Task objective: Output the records exactly as they appear, with no pictures included.

Data excerpts:
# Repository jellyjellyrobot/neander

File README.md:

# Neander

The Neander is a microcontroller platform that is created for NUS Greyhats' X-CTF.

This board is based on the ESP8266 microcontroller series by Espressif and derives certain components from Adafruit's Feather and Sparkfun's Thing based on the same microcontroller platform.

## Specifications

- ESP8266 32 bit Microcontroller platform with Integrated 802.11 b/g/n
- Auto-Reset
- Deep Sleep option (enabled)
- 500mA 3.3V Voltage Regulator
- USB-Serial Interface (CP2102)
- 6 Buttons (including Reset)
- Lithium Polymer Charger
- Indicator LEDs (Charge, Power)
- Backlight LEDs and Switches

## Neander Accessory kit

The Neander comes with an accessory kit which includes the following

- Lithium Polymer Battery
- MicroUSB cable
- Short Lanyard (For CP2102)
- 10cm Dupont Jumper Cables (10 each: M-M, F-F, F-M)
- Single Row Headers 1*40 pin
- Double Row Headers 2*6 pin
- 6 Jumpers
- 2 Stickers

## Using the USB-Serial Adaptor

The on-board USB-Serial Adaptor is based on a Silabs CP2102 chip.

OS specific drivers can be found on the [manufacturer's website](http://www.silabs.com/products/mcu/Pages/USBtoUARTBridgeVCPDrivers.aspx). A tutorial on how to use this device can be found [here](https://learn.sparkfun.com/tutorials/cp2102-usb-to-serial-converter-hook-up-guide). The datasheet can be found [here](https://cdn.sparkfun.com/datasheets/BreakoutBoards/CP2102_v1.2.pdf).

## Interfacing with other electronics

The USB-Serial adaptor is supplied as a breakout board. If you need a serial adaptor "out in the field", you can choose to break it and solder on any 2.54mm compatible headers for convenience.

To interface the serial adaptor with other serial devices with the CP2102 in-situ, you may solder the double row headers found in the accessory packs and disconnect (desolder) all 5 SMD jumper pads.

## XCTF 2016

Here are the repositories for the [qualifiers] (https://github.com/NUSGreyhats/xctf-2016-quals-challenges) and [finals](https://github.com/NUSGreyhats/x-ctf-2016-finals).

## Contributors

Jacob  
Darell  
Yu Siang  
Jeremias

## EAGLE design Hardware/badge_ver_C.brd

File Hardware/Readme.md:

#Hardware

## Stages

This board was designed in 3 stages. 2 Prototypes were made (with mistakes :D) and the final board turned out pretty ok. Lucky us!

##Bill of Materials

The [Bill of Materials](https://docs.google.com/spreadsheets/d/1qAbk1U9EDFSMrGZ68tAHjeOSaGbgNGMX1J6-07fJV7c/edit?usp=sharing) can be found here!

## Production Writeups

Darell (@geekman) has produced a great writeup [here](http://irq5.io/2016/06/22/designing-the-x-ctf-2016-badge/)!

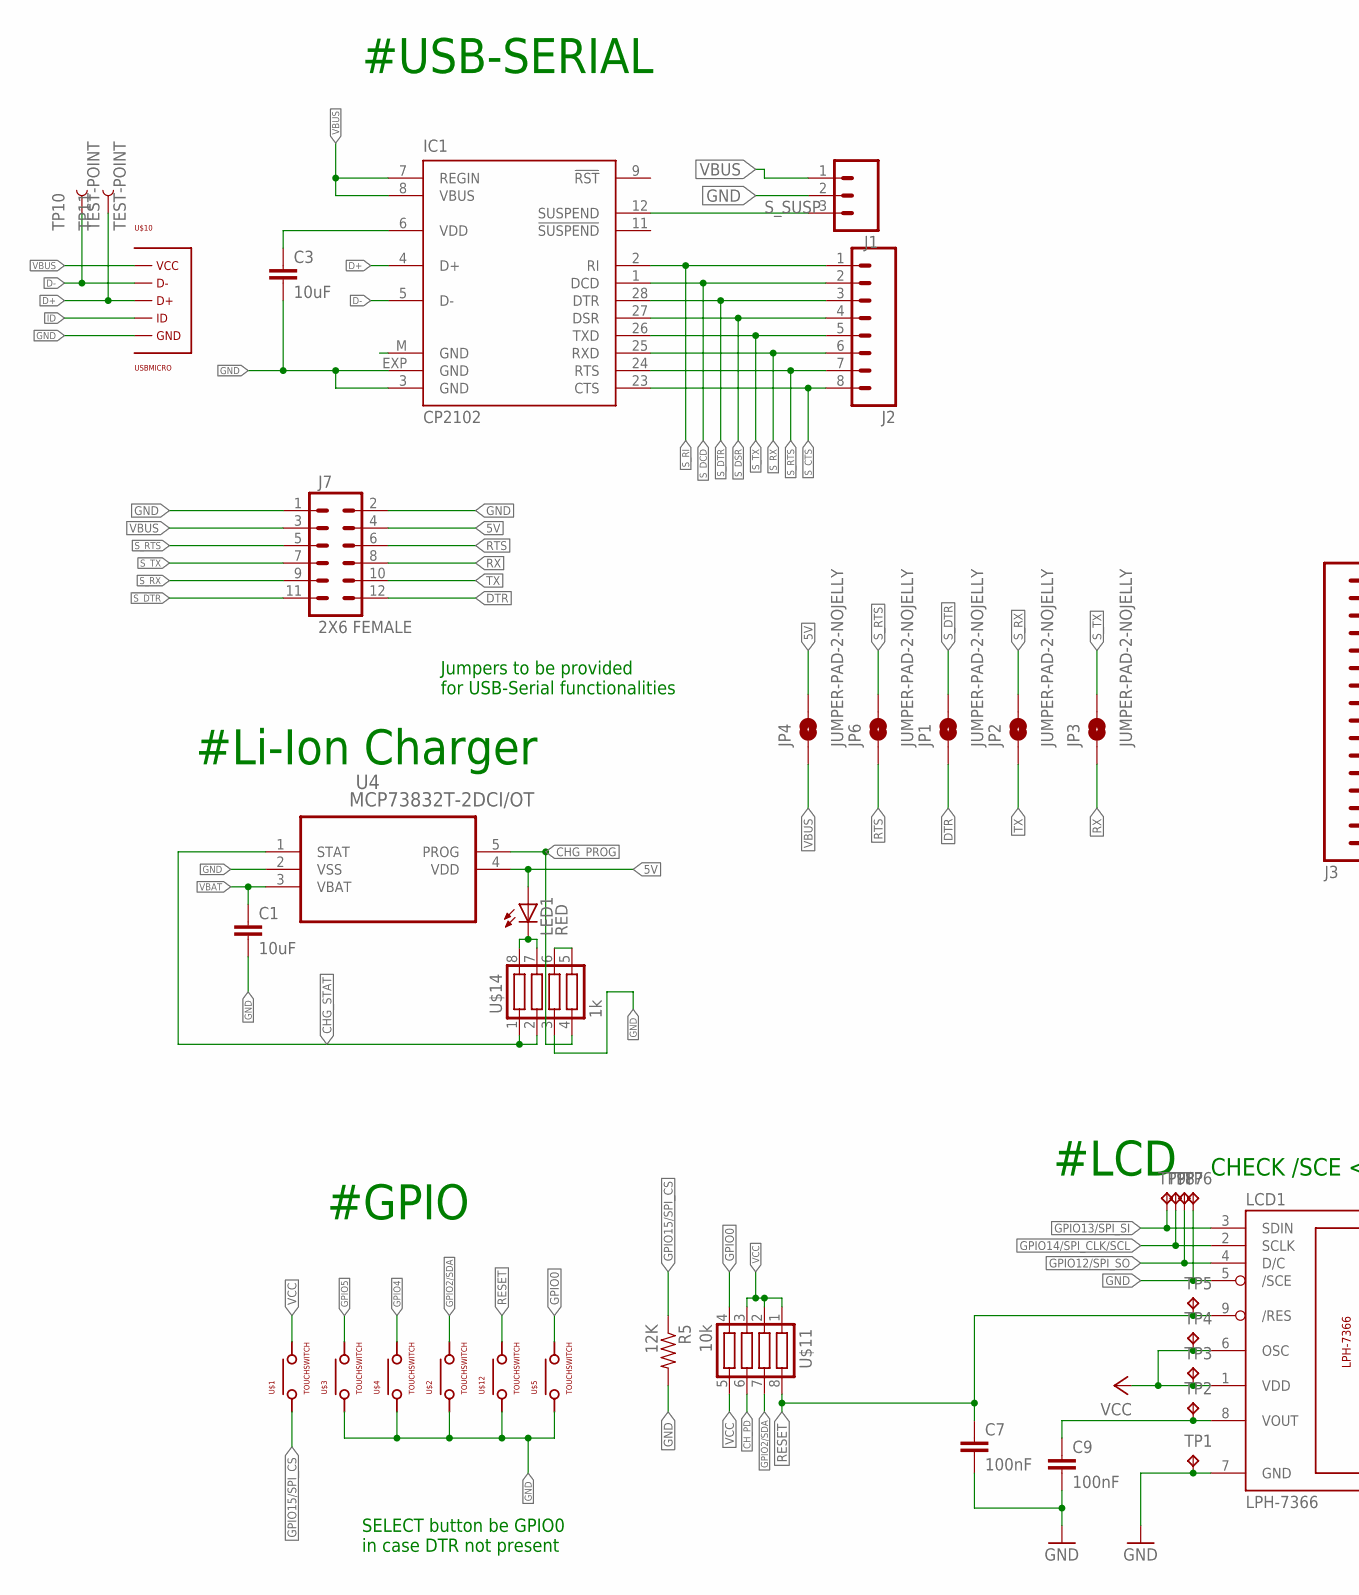
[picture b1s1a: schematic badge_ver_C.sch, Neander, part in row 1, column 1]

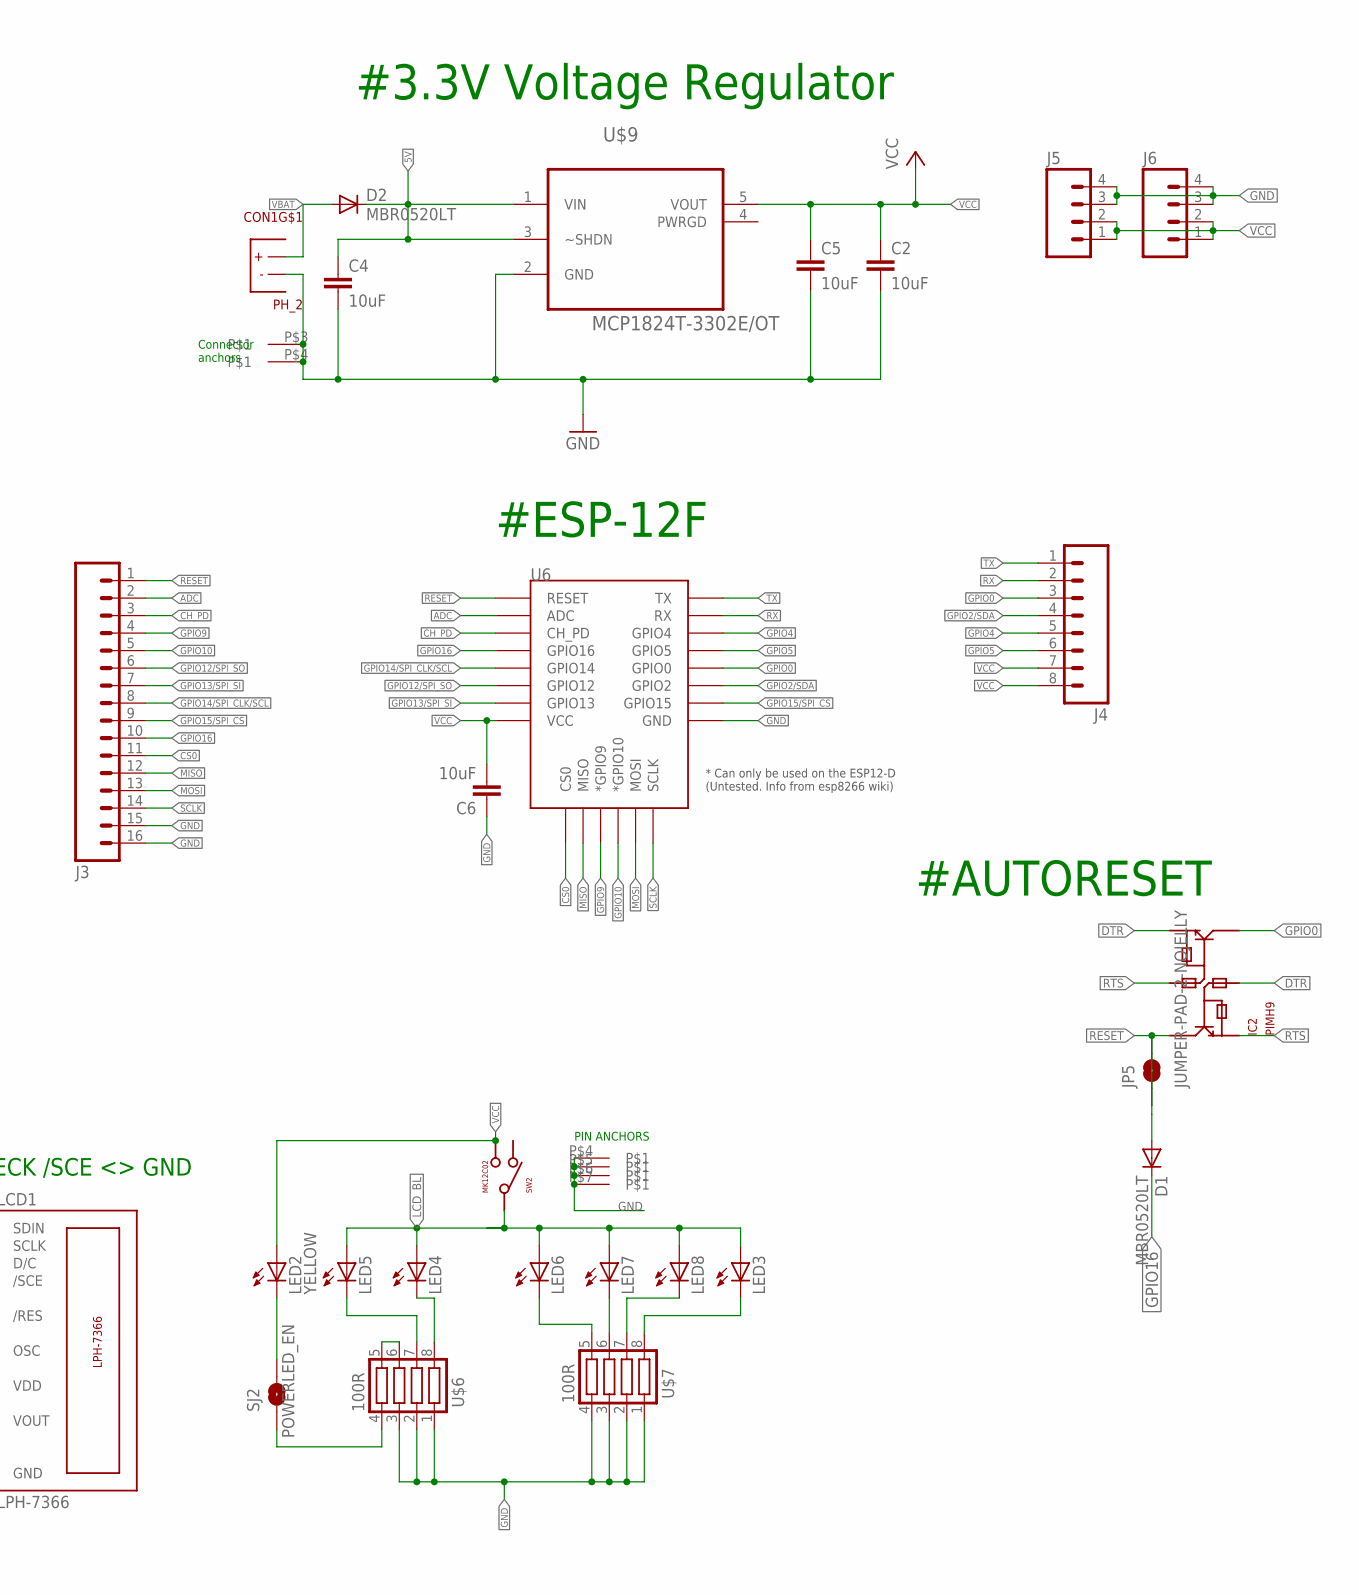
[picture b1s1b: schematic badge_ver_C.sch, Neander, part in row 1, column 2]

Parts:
C1, C2, C3, C4, C5, C6: 10uF; 0805-CAP
C7, C9: 100nF; 0805-CAP
CON1: PH_2
D1, D2: MBR0520LT; SOD123
IC1: CP2102; MLP28
IC2: PIMH9; SOT457
J1: M03PTH; 1X03
J2: M08SILK_FEMALE_PTH; 1X08
J3: M16PTH; 1X16
J4: M08; 1X08_ROUND
J5, J6: M04PTH; 1X04
J7: 2X6 FEMALE; 2X6
JP1, JP2, JP3, JP4, JP5, JP6: JUMPER-PAD-2-NOJELLY; JELLYPAD-JUMPER-2-NO_NO_SILK
LCD1: LPH-7366
LED1: RED; SML0805
LED2: YELLOW; SML0805
LED3, LED4, LED5, LED6, LED7, LED8: LEDSML0805; SML0805
R5: 12K; 0805
SJ2: POWERLED_EN; SJ_2S-TRACE
SW2: MK12C02
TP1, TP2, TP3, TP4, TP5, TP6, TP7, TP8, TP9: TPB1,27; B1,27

Exercise answer:
# Repository jellyjellyrobot/neander

File README.md:

# Neander

The Neander is a microcontroller platform that is created for NUS Greyhats' X-CTF.

This board is based on the ESP8266 microcontroller series by Espressif and derives certain components from Adafruit's Feather and Sparkfun's Thing based on the same microcontroller platform.

## Specifications

- ESP8266 32 bit Microcontroller platform with Integrated 802.11 b/g/n
- Auto-Reset
- Deep Sleep option (enabled)
- 500mA 3.3V Voltage Regulator
- USB-Serial Interface (CP2102)
- 6 Buttons (including Reset)
- Lithium Polymer Charger
- Indicator LEDs (Charge, Power)
- Backlight LEDs and Switches

## Neander Accessory kit

The Neander comes with an accessory kit which includes the following

- Lithium Polymer Battery
- MicroUSB cable
- Short Lanyard (For CP2102)
- 10cm Dupont Jumper Cables (10 each: M-M, F-F, F-M)
- Single Row Headers 1*40 pin
- Double Row Headers 2*6 pin
- 6 Jumpers
- 2 Stickers

## Using the USB-Serial Adaptor

The on-board USB-Serial Adaptor is based on a Silabs CP2102 chip.

OS specific drivers can be found on the [manufacturer's website](http://www.silabs.com/products/mcu/Pages/USBtoUARTBridgeVCPDrivers.aspx). A tutorial on how to use this device can be found [here](https://learn.sparkfun.com/tutorials/cp2102-usb-to-serial-converter-hook-up-guide). The datasheet can be found [here](https://cdn.sparkfun.com/datasheets/BreakoutBoards/CP2102_v1.2.pdf).

## Interfacing with other electronics

The USB-Serial adaptor is supplied as a breakout board. If you need a serial adaptor "out in the field", you can choose to break it and solder on any 2.54mm compatible headers for convenience.

To interface the serial adaptor with other serial devices with the CP2102 in-situ, you may solder the double row headers found in the accessory packs and disconnect (desolder) all 5 SMD jumper pads.

## XCTF 2016

Here are the repositories for the [qualifiers] (https://github.com/NUSGreyhats/xctf-2016-quals-challenges) and [finals](https://github.com/NUSGreyhats/x-ctf-2016-finals).

## Contributors

Jacob  
Darell  
Yu Siang  
Jeremias

## EAGLE design Hardware/badge_ver_C.brd

File Hardware/Readme.md:

#Hardware

## Stages

This board was designed in 3 stages. 2 Prototypes were made (with mistakes :D) and the final board turned out pretty ok. Lucky us!

##Bill of Materials

The [Bill of Materials](https://docs.google.com/spreadsheets/d/1qAbk1U9EDFSMrGZ68tAHjeOSaGbgNGMX1J6-07fJV7c/edit?usp=sharing) can be found here!

## Production Writeups

Darell (@geekman) has produced a great writeup [here](http://irq5.io/2016/06/22/designing-the-x-ctf-2016-badge/)!

[picture b1s1a: schematic badge_ver_C.sch, Neander, part in row 1, column 1]

[picture b1s1b: schematic badge_ver_C.sch, Neander, part in row 1, column 2]

Parts:
C1, C2, C3, C4, C5, C6: 10uF; 0805-CAP
C7, C9: 100nF; 0805-CAP
CON1: PH_2
D1, D2: MBR0520LT; SOD123
IC1: CP2102; MLP28
IC2: PIMH9; SOT457
J1: M03PTH; 1X03
J2: M08SILK_FEMALE_PTH; 1X08
J3: M16PTH; 1X16
J4: M08; 1X08_ROUND
J5, J6: M04PTH; 1X04
J7: 2X6 FEMALE; 2X6
JP1, JP2, JP3, JP4, JP5, JP6: JUMPER-PAD-2-NOJELLY; JELLYPAD-JUMPER-2-NO_NO_SILK
LCD1: LPH-7366
LED1: RED; SML0805
LED2: YELLOW; SML0805
LED3, LED4, LED5, LED6, LED7, LED8: LEDSML0805; SML0805
R5: 12K; 0805
SJ2: POWERLED_EN; SJ_2S-TRACE
SW2: MK12C02
TP1, TP2, TP3, TP4, TP5, TP6, TP7, TP8, TP9: TPB1,27; B1,27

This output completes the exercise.